Indeed, far from improving, the access to sanitation is decreasing year by year in

relative terms from 19% in 1990 to around 10% in 2008 for rural areas, and 44% to
24 % for urban areas for the same period1.
After the earthquake of 12 January 2010, the sanitation infrastructure, already very
insufficient, found themselves destroyed or often not functional, amplifying the coup
challenges in this subsector.
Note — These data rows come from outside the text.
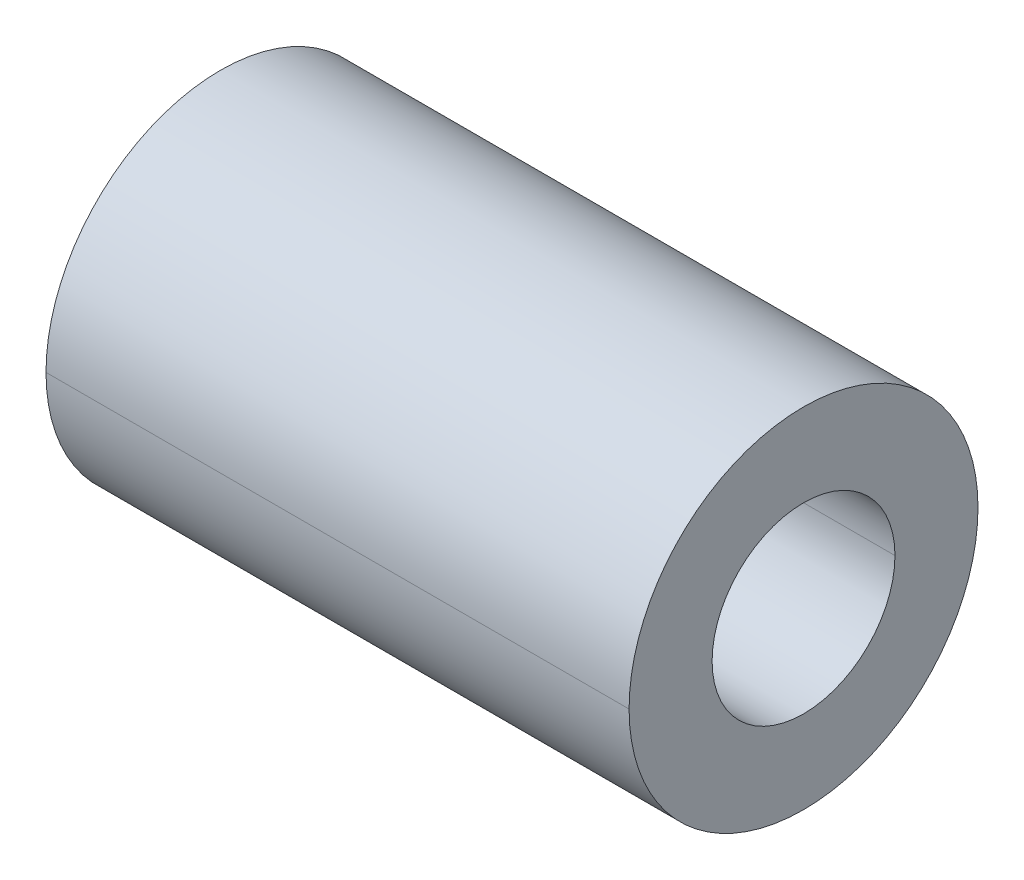
ISO-10303-21;
HEADER;
FILE_DESCRIPTION(('STEP AP214'),'2;1');
FILE_NAME('part.step','',(''),(''),'','','');
FILE_SCHEMA(('AUTOMOTIVE_DESIGN { 1 0 10303 214 1 1 1 1 }'));
ENDSEC;
DATA;
#1=APPLICATION_CONTEXT('core data for automotive mechanical design processes');
#2=APPLICATION_PROTOCOL_DEFINITION('international standard','automotive_design',2000,#1);
#3=PRODUCT_CONTEXT('',#1,'mechanical');
#4=PRODUCT('Part','Part','',(#3));
#5=PRODUCT_RELATED_PRODUCT_CATEGORY('part','',(#4));
#6=PRODUCT_DEFINITION_FORMATION('','',#4);
#7=PRODUCT_DEFINITION_CONTEXT('part definition',#1,'design');
#8=PRODUCT_DEFINITION('design','',#6,#7);
#9=PRODUCT_DEFINITION_SHAPE('','',#8);
#10=(LENGTH_UNIT() NAMED_UNIT(*) SI_UNIT(.MILLI.,.METRE.));
#11=(NAMED_UNIT(*) PLANE_ANGLE_UNIT() SI_UNIT($,.RADIAN.));
#12=(NAMED_UNIT(*) SI_UNIT($,.STERADIAN.) SOLID_ANGLE_UNIT());
#13=UNCERTAINTY_MEASURE_WITH_UNIT(LENGTH_MEASURE(1.E-05),#10,'distance_accuracy_value','');
#14=(GEOMETRIC_REPRESENTATION_CONTEXT(3) GLOBAL_UNCERTAINTY_ASSIGNED_CONTEXT((#13)) GLOBAL_UNIT_ASSIGNED_CONTEXT((#10,
#11,#12)) REPRESENTATION_CONTEXT('',''));
#15=CARTESIAN_POINT('',(0.,0.,0.));
#16=DIRECTION('',(0.,0.,1.));
#17=DIRECTION('',(1.,0.,0.));
#18=AXIS2_PLACEMENT_3D('',#15,#16,#17);
#19=CARTESIAN_POINT('',(7.9375,0.,0.));
#20=DIRECTION('',(-1.,0.,0.));
#21=DIRECTION('',(0.,0.,1.));
#22=AXIS2_PLACEMENT_3D('',#19,#20,#21);
#23=CYLINDRICAL_SURFACE('',#22,2.4892);
#24=DIRECTION('',(-1.,0.,0.));
#25=VECTOR('',#24,1.);
#26=CARTESIAN_POINT('',(7.9375,0.,-2.4892));
#27=LINE('',#26,#25);
#28=CARTESIAN_POINT('',(7.9375,0.,-2.4892));
#29=VERTEX_POINT('',#28);
#30=CARTESIAN_POINT('',(-7.9375,0.,-2.4892));
#31=VERTEX_POINT('',#30);
#32=EDGE_CURVE('E83',#29,#31,#27,.T.);
#33=ORIENTED_EDGE('',*,*,#32,.F.);
#34=CARTESIAN_POINT('',(7.9375,0.,0.));
#35=DIRECTION('',(1.,0.,0.));
#36=DIRECTION('',(0.,0.,-1.));
#37=AXIS2_PLACEMENT_3D('',#34,#35,#36);
#38=CIRCLE('',#37,2.4892);
#39=CARTESIAN_POINT('',(7.9375,0.,2.4892));
#40=VERTEX_POINT('',#39);
#41=EDGE_CURVE('E117',#29,#40,#38,.T.);
#42=ORIENTED_EDGE('',*,*,#41,.T.);
#43=DIRECTION('',(-1.,0.,0.));
#44=VECTOR('',#43,1.);
#45=CARTESIAN_POINT('',(7.9375,0.,2.4892));
#46=LINE('',#45,#44);
#47=CARTESIAN_POINT('',(-7.9375,0.,2.4892));
#48=VERTEX_POINT('',#47);
#49=EDGE_CURVE('E86',#40,#48,#46,.T.);
#50=ORIENTED_EDGE('',*,*,#49,.T.);
#51=CARTESIAN_POINT('',(-7.9375,0.,0.));
#52=DIRECTION('',(1.,0.,0.));
#53=DIRECTION('',(0.,0.,-1.));
#54=AXIS2_PLACEMENT_3D('',#51,#52,#53);
#55=CIRCLE('',#54,2.4892);
#56=EDGE_CURVE('E11',#31,#48,#55,.T.);
#57=ORIENTED_EDGE('',*,*,#56,.F.);
#58=EDGE_LOOP('',(#33,#42,#50,#57));
#59=FACE_BOUND('',#58,.T.);
#60=ADVANCED_FACE('F16',(#59),#23,.F.);
#61=CARTESIAN_POINT('',(7.9375,0.,0.));
#62=DIRECTION('',(-1.,0.,0.));
#63=DIRECTION('',(0.,0.,1.));
#64=AXIS2_PLACEMENT_3D('',#61,#62,#63);
#65=CYLINDRICAL_SURFACE('',#64,4.7498);
#66=DIRECTION('',(-1.,0.,0.));
#67=VECTOR('',#66,1.);
#68=CARTESIAN_POINT('',(7.9375,0.,-4.7498));
#69=LINE('',#68,#67);
#70=CARTESIAN_POINT('',(7.9375,0.,-4.7498));
#71=VERTEX_POINT('',#70);
#72=CARTESIAN_POINT('',(-7.9375,0.,-4.7498));
#73=VERTEX_POINT('',#72);
#74=EDGE_CURVE('E106',#71,#73,#69,.T.);
#75=ORIENTED_EDGE('',*,*,#74,.F.);
#76=CARTESIAN_POINT('',(7.9375,0.,0.));
#77=DIRECTION('',(1.,0.,0.));
#78=DIRECTION('',(0.,0.,-1.));
#79=AXIS2_PLACEMENT_3D('',#76,#77,#78);
#80=CIRCLE('',#79,4.7498);
#81=CARTESIAN_POINT('',(7.9375,0.,4.7498));
#82=VERTEX_POINT('',#81);
#83=EDGE_CURVE('E62',#82,#71,#80,.T.);
#84=ORIENTED_EDGE('',*,*,#83,.F.);
#85=DIRECTION('',(-1.,0.,0.));
#86=VECTOR('',#85,1.);
#87=CARTESIAN_POINT('',(7.9375,0.,4.7498));
#88=LINE('',#87,#86);
#89=CARTESIAN_POINT('',(-7.9375,0.,4.7498));
#90=VERTEX_POINT('',#89);
#91=EDGE_CURVE('E113',#82,#90,#88,.T.);
#92=ORIENTED_EDGE('',*,*,#91,.T.);
#93=CARTESIAN_POINT('',(-7.9375,0.,0.));
#94=DIRECTION('',(1.,0.,0.));
#95=DIRECTION('',(0.,0.,-1.));
#96=AXIS2_PLACEMENT_3D('',#93,#94,#95);
#97=CIRCLE('',#96,4.7498);
#98=EDGE_CURVE('E20',#90,#73,#97,.T.);
#99=ORIENTED_EDGE('',*,*,#98,.T.);
#100=EDGE_LOOP('',(#75,#84,#92,#99));
#101=FACE_BOUND('',#100,.T.);
#102=ADVANCED_FACE('F124',(#101),#65,.T.);
#103=CARTESIAN_POINT('',(-7.9375,0.,0.));
#104=DIRECTION('',(1.,0.,0.));
#105=DIRECTION('',(0.,1.,0.));
#106=AXIS2_PLACEMENT_3D('',#103,#104,#105);
#107=PLANE('',#106);
#108=CARTESIAN_POINT('',(-7.9375,0.,0.));
#109=DIRECTION('',(1.,0.,0.));
#110=DIRECTION('',(0.,0.,-1.));
#111=AXIS2_PLACEMENT_3D('',#108,#109,#110);
#112=CIRCLE('',#111,2.4892);
#113=EDGE_CURVE('E88',#48,#31,#112,.T.);
#114=ORIENTED_EDGE('',*,*,#113,.T.);
#115=ORIENTED_EDGE('',*,*,#56,.T.);
#116=EDGE_LOOP('',(#114,#115));
#117=FACE_BOUND('',#116,.T.);
#118=ORIENTED_EDGE('',*,*,#98,.F.);
#119=CARTESIAN_POINT('',(-7.9375,0.,0.));
#120=DIRECTION('',(1.,0.,0.));
#121=DIRECTION('',(0.,0.,-1.));
#122=AXIS2_PLACEMENT_3D('',#119,#120,#121);
#123=CIRCLE('',#122,4.7498);
#124=EDGE_CURVE('E110',#73,#90,#123,.T.);
#125=ORIENTED_EDGE('',*,*,#124,.F.);
#126=EDGE_LOOP('',(#118,#125));
#127=FACE_BOUND('',#126,.T.);
#128=ADVANCED_FACE('F89',(#117,#127),#107,.F.);
#129=CARTESIAN_POINT('',(7.9375,0.,0.));
#130=DIRECTION('',(1.,0.,0.));
#131=DIRECTION('',(0.,1.,0.));
#132=AXIS2_PLACEMENT_3D('',#129,#130,#131);
#133=PLANE('',#132);
#134=CARTESIAN_POINT('',(7.9375,0.,0.));
#135=DIRECTION('',(1.,0.,0.));
#136=DIRECTION('',(0.,0.,-1.));
#137=AXIS2_PLACEMENT_3D('',#134,#135,#136);
#138=CIRCLE('',#137,2.4892);
#139=EDGE_CURVE('E94',#40,#29,#138,.T.);
#140=ORIENTED_EDGE('',*,*,#139,.F.);
#141=ORIENTED_EDGE('',*,*,#41,.F.);
#142=EDGE_LOOP('',(#140,#141));
#143=FACE_BOUND('',#142,.T.);
#144=ORIENTED_EDGE('',*,*,#83,.T.);
#145=CARTESIAN_POINT('',(7.9375,0.,0.));
#146=DIRECTION('',(1.,0.,0.));
#147=DIRECTION('',(0.,0.,-1.));
#148=AXIS2_PLACEMENT_3D('',#145,#146,#147);
#149=CIRCLE('',#148,4.7498);
#150=EDGE_CURVE('E104',#71,#82,#149,.T.);
#151=ORIENTED_EDGE('',*,*,#150,.T.);
#152=EDGE_LOOP('',(#144,#151));
#153=FACE_BOUND('',#152,.T.);
#154=ADVANCED_FACE('F172',(#143,#153),#133,.T.);
#155=CARTESIAN_POINT('',(7.9375,0.,0.));
#156=DIRECTION('',(-1.,0.,0.));
#157=DIRECTION('',(0.,0.,1.));
#158=AXIS2_PLACEMENT_3D('',#155,#156,#157);
#159=CYLINDRICAL_SURFACE('',#158,4.7498);
#160=ORIENTED_EDGE('',*,*,#150,.F.);
#161=ORIENTED_EDGE('',*,*,#74,.T.);
#162=ORIENTED_EDGE('',*,*,#124,.T.);
#163=ORIENTED_EDGE('',*,*,#91,.F.);
#164=EDGE_LOOP('',(#160,#161,#162,#163));
#165=FACE_BOUND('',#164,.T.);
#166=ADVANCED_FACE('F129',(#165),#159,.T.);
#167=CARTESIAN_POINT('',(7.9375,0.,0.));
#168=DIRECTION('',(-1.,0.,0.));
#169=DIRECTION('',(0.,0.,1.));
#170=AXIS2_PLACEMENT_3D('',#167,#168,#169);
#171=CYLINDRICAL_SURFACE('',#170,2.4892);
#172=ORIENTED_EDGE('',*,*,#139,.T.);
#173=ORIENTED_EDGE('',*,*,#32,.T.);
#174=ORIENTED_EDGE('',*,*,#113,.F.);
#175=ORIENTED_EDGE('',*,*,#49,.F.);
#176=EDGE_LOOP('',(#172,#173,#174,#175));
#177=FACE_BOUND('',#176,.T.);
#178=ADVANCED_FACE('F18',(#177),#171,.F.);
#179=CLOSED_SHELL('',(#60,#102,#128,#154,#166,#178));
#180=MANIFOLD_SOLID_BREP('B1',#179);
#181=ADVANCED_BREP_SHAPE_REPRESENTATION('',(#18,#180),#14);
#182=SHAPE_DEFINITION_REPRESENTATION(#9,#181);
ENDSEC;
END-ISO-10303-21;
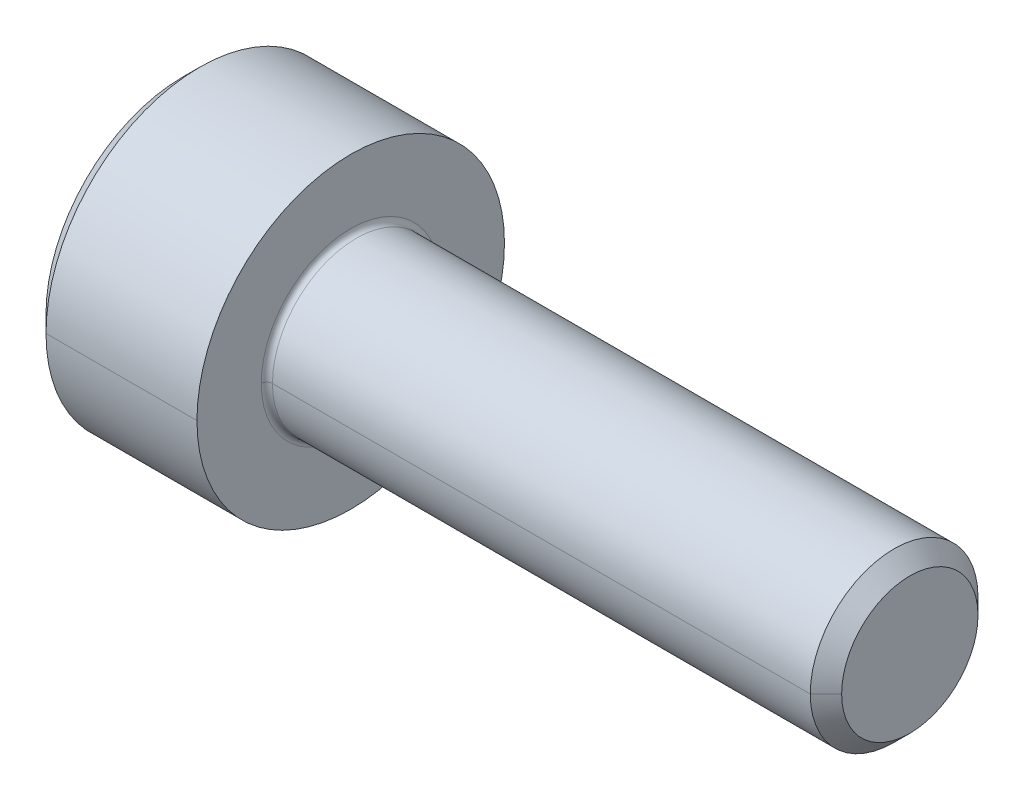
ISO-10303-21;
HEADER;
FILE_DESCRIPTION(('STEP AP214'),'2;1');
FILE_NAME('part.step','',(''),(''),'','','');
FILE_SCHEMA(('AUTOMOTIVE_DESIGN { 1 0 10303 214 1 1 1 1 }'));
ENDSEC;
DATA;
#1=APPLICATION_CONTEXT('core data for automotive mechanical design processes');
#2=APPLICATION_PROTOCOL_DEFINITION('international standard','automotive_design',2000,#1);
#3=PRODUCT_CONTEXT('',#1,'mechanical');
#4=PRODUCT('Part','Part','',(#3));
#5=PRODUCT_RELATED_PRODUCT_CATEGORY('part','',(#4));
#6=PRODUCT_DEFINITION_FORMATION('','',#4);
#7=PRODUCT_DEFINITION_CONTEXT('part definition',#1,'design');
#8=PRODUCT_DEFINITION('design','',#6,#7);
#9=PRODUCT_DEFINITION_SHAPE('','',#8);
#10=(LENGTH_UNIT() NAMED_UNIT(*) SI_UNIT(.MILLI.,.METRE.));
#11=(NAMED_UNIT(*) PLANE_ANGLE_UNIT() SI_UNIT($,.RADIAN.));
#12=(NAMED_UNIT(*) SI_UNIT($,.STERADIAN.) SOLID_ANGLE_UNIT());
#13=UNCERTAINTY_MEASURE_WITH_UNIT(LENGTH_MEASURE(1.E-05),#10,'distance_accuracy_value','');
#14=(GEOMETRIC_REPRESENTATION_CONTEXT(3) GLOBAL_UNCERTAINTY_ASSIGNED_CONTEXT((#13)) GLOBAL_UNIT_ASSIGNED_CONTEXT((#10,
#11,#12)) REPRESENTATION_CONTEXT('',''));
#15=CARTESIAN_POINT('',(0.,0.,0.));
#16=DIRECTION('',(0.,0.,1.));
#17=DIRECTION('',(1.,0.,0.));
#18=AXIS2_PLACEMENT_3D('',#15,#16,#17);
#19=CARTESIAN_POINT('',(1.3,0.,0.));
#20=DIRECTION('',(-1.,0.,0.));
#21=DIRECTION('',(0.,0.,1.));
#22=AXIS2_PLACEMENT_3D('',#19,#20,#21);
#23=CONICAL_SURFACE('',#22,1.28,1.0471975511966);
#24=DIRECTION('',(-0.5,0.,-0.866025403784438));
#25=VECTOR('',#24,1.);
#26=CARTESIAN_POINT('',(1.3,0.,-1.28));
#27=LINE('',#26,#25);
#28=CARTESIAN_POINT('',(2.03900834456273,0.,0.));
#29=VERTEX_POINT('',#28);
#30=CARTESIAN_POINT('',(1.3,0.,-1.28));
#31=VERTEX_POINT('',#30);
#32=EDGE_CURVE('E368',#29,#31,#27,.T.);
#33=ORIENTED_EDGE('',*,*,#32,.F.);
#34=DIRECTION('',(-0.5,0.,0.866025403784438));
#35=VECTOR('',#34,1.);
#36=CARTESIAN_POINT('',(1.3,0.,1.28));
#37=LINE('',#36,#35);
#38=CARTESIAN_POINT('',(1.3,0.,1.28));
#39=VERTEX_POINT('',#38);
#40=EDGE_CURVE('E385',#29,#39,#37,.T.);
#41=ORIENTED_EDGE('',*,*,#40,.T.);
#42=CARTESIAN_POINT('',(1.3,0.,0.));
#43=DIRECTION('',(-1.,0.,0.));
#44=DIRECTION('',(0.,0.,1.));
#45=AXIS2_PLACEMENT_3D('',#42,#43,#44);
#46=CIRCLE('',#45,1.28);
#47=CARTESIAN_POINT('',(1.3,1.10851251684408,0.64));
#48=VERTEX_POINT('',#47);
#49=EDGE_CURVE('E10',#39,#48,#46,.T.);
#50=ORIENTED_EDGE('',*,*,#49,.T.);
#51=CARTESIAN_POINT('',(1.3,0.,0.));
#52=DIRECTION('',(-1.,0.,0.));
#53=DIRECTION('',(0.,0.,1.));
#54=AXIS2_PLACEMENT_3D('',#51,#52,#53);
#55=CIRCLE('',#54,1.28);
#56=CARTESIAN_POINT('',(1.3,1.10851251684408,-0.64));
#57=VERTEX_POINT('',#56);
#58=EDGE_CURVE('E23',#48,#57,#55,.T.);
#59=ORIENTED_EDGE('',*,*,#58,.T.);
#60=CARTESIAN_POINT('',(1.3,0.,0.));
#61=DIRECTION('',(-1.,0.,0.));
#62=DIRECTION('',(0.,0.,1.));
#63=AXIS2_PLACEMENT_3D('',#60,#61,#62);
#64=CIRCLE('',#63,1.28);
#65=EDGE_CURVE('E281',#57,#31,#64,.T.);
#66=ORIENTED_EDGE('',*,*,#65,.T.);
#67=EDGE_LOOP('',(#33,#41,#50,#59,#66));
#68=FACE_BOUND('',#67,.T.);
#69=ADVANCED_FACE('F15',(#68),#23,.F.);
#70=CARTESIAN_POINT('',(1.3,0.73900834456272,1.28));
#71=DIRECTION('',(-1.,0.,0.));
#72=DIRECTION('',(0.,0.,1.));
#73=AXIS2_PLACEMENT_3D('',#70,#71,#72);
#74=PLANE('',#73);
#75=ORIENTED_EDGE('',*,*,#49,.F.);
#76=DIRECTION('',(0.,1.,0.));
#77=VECTOR('',#76,1.);
#78=CARTESIAN_POINT('',(1.3,-0.739008344562722,1.28));
#79=LINE('',#78,#77);
#80=CARTESIAN_POINT('',(1.3,0.73900834456272,1.28));
#81=VERTEX_POINT('',#80);
#82=EDGE_CURVE('E262',#39,#81,#79,.T.);
#83=ORIENTED_EDGE('',*,*,#82,.T.);
#84=DIRECTION('',(0.,-0.5,0.86602540378444));
#85=VECTOR('',#84,1.);
#86=CARTESIAN_POINT('',(1.3,1.47801668912544,0.));
#87=LINE('',#86,#85);
#88=EDGE_CURVE('E323',#48,#81,#87,.T.);
#89=ORIENTED_EDGE('',*,*,#88,.F.);
#90=EDGE_LOOP('',(#75,#83,#89));
#91=FACE_BOUND('',#90,.T.);
#92=ADVANCED_FACE('F827',(#91),#74,.T.);
#93=CARTESIAN_POINT('',(1.3,0.73900834456272,1.28));
#94=DIRECTION('',(-1.,0.,0.));
#95=DIRECTION('',(0.,0.,1.));
#96=AXIS2_PLACEMENT_3D('',#93,#94,#95);
#97=PLANE('',#96);
#98=ORIENTED_EDGE('',*,*,#58,.F.);
#99=DIRECTION('',(0.,-0.5,0.86602540378444));
#100=VECTOR('',#99,1.);
#101=CARTESIAN_POINT('',(1.3,1.47801668912544,0.));
#102=LINE('',#101,#100);
#103=CARTESIAN_POINT('',(1.3,1.47801668912544,0.));
#104=VERTEX_POINT('',#103);
#105=EDGE_CURVE('E319',#104,#48,#102,.T.);
#106=ORIENTED_EDGE('',*,*,#105,.F.);
#107=DIRECTION('',(0.,-0.5,-0.866025403784438));
#108=VECTOR('',#107,1.);
#109=CARTESIAN_POINT('',(1.3,1.47801668912544,0.));
#110=LINE('',#109,#108);
#111=EDGE_CURVE('E360',#104,#57,#110,.T.);
#112=ORIENTED_EDGE('',*,*,#111,.T.);
#113=EDGE_LOOP('',(#98,#106,#112));
#114=FACE_BOUND('',#113,.T.);
#115=ADVANCED_FACE('F818',(#114),#97,.T.);
#116=CARTESIAN_POINT('',(1.3,0.73900834456272,1.28));
#117=DIRECTION('',(-1.,0.,0.));
#118=DIRECTION('',(0.,0.,1.));
#119=AXIS2_PLACEMENT_3D('',#116,#117,#118);
#120=PLANE('',#119);
#121=ORIENTED_EDGE('',*,*,#65,.F.);
#122=DIRECTION('',(0.,-0.5,-0.866025403784438));
#123=VECTOR('',#122,1.);
#124=CARTESIAN_POINT('',(1.3,1.47801668912544,0.));
#125=LINE('',#124,#123);
#126=CARTESIAN_POINT('',(1.3,0.739008344562716,-1.28));
#127=VERTEX_POINT('',#126);
#128=EDGE_CURVE('E44',#57,#127,#125,.T.);
#129=ORIENTED_EDGE('',*,*,#128,.T.);
#130=DIRECTION('',(0.,-1.,0.));
#131=VECTOR('',#130,1.);
#132=CARTESIAN_POINT('',(1.3,0.739008344562716,-1.28));
#133=LINE('',#132,#131);
#134=EDGE_CURVE('E339',#127,#31,#133,.T.);
#135=ORIENTED_EDGE('',*,*,#134,.T.);
#136=EDGE_LOOP('',(#121,#129,#135));
#137=FACE_BOUND('',#136,.T.);
#138=ADVANCED_FACE('F372',(#137),#120,.T.);
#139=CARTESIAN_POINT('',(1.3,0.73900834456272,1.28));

In Carrefour-Feuille, a vast grouping of neighborhoods of
the municipality of Port-au-Prince with a population of over 200,000 inhabitants, the
formal public service has difficulty in supplying the population in water and sanitation.
This affects the nature and continuity of services provided and results in an unequal
distribution of public services - where they exist - very low coverage to the needs [1].
The population is so brought to find other sources of supply, in particular with an
informal offer.
One might wonder why this offer is it described as informal and of what does it consist?
To what extent the offer of informal service allows to compensate for the deficit of the
formal system in Carrefour Feuille?
Methodology
Apart from the analysis of existing literature, this research is based on exploratory
conversations with certain actors of both systems; a field survey conducted using a
questionnaire [2] which was administered to a sample of about 285 heads of
households. The field of study is both large and heterogeneous; it was divided into
three blocks / areas.
2. Results and Discussion
3.1 The cost of Water in Carrefour-feuille
The results of the interviews and the investigation by questionnaire showed that the
households buy on average 121.8 liters of water a day and the cost of the water supply
can represent between 15 to 20 % of the consumer basket. The average price per
bucket 18.9 liters especially in dry periods can vary between 10 to 38 gourdes in the
informal economy. It is important to notice that within a radius of 50 meters, 56.57 %
of the households find a private individual where they can buy some water. In this way,
the informal offer is not more accessible financially to 'all', but the demand meeting this
offer comes from an arbitration “purchase power-distance” or a choice guided by the
need to satisfy a present consumption at higher cost than waiting for future
consumption at a lower cost.

3.2 Service in the field of the water: part of the formal and the informal
Overall, the formal offer is insufficient to meet the demand of the population, this gap is
filled by the informal offer of service, particularly by the private individuals who resell
the water by bucket (bokit or by drum). Indeed, 51 % of the questioned households
1

(Voir : http://mdgs.un.org/unsd/mdg/Metadata.aspx)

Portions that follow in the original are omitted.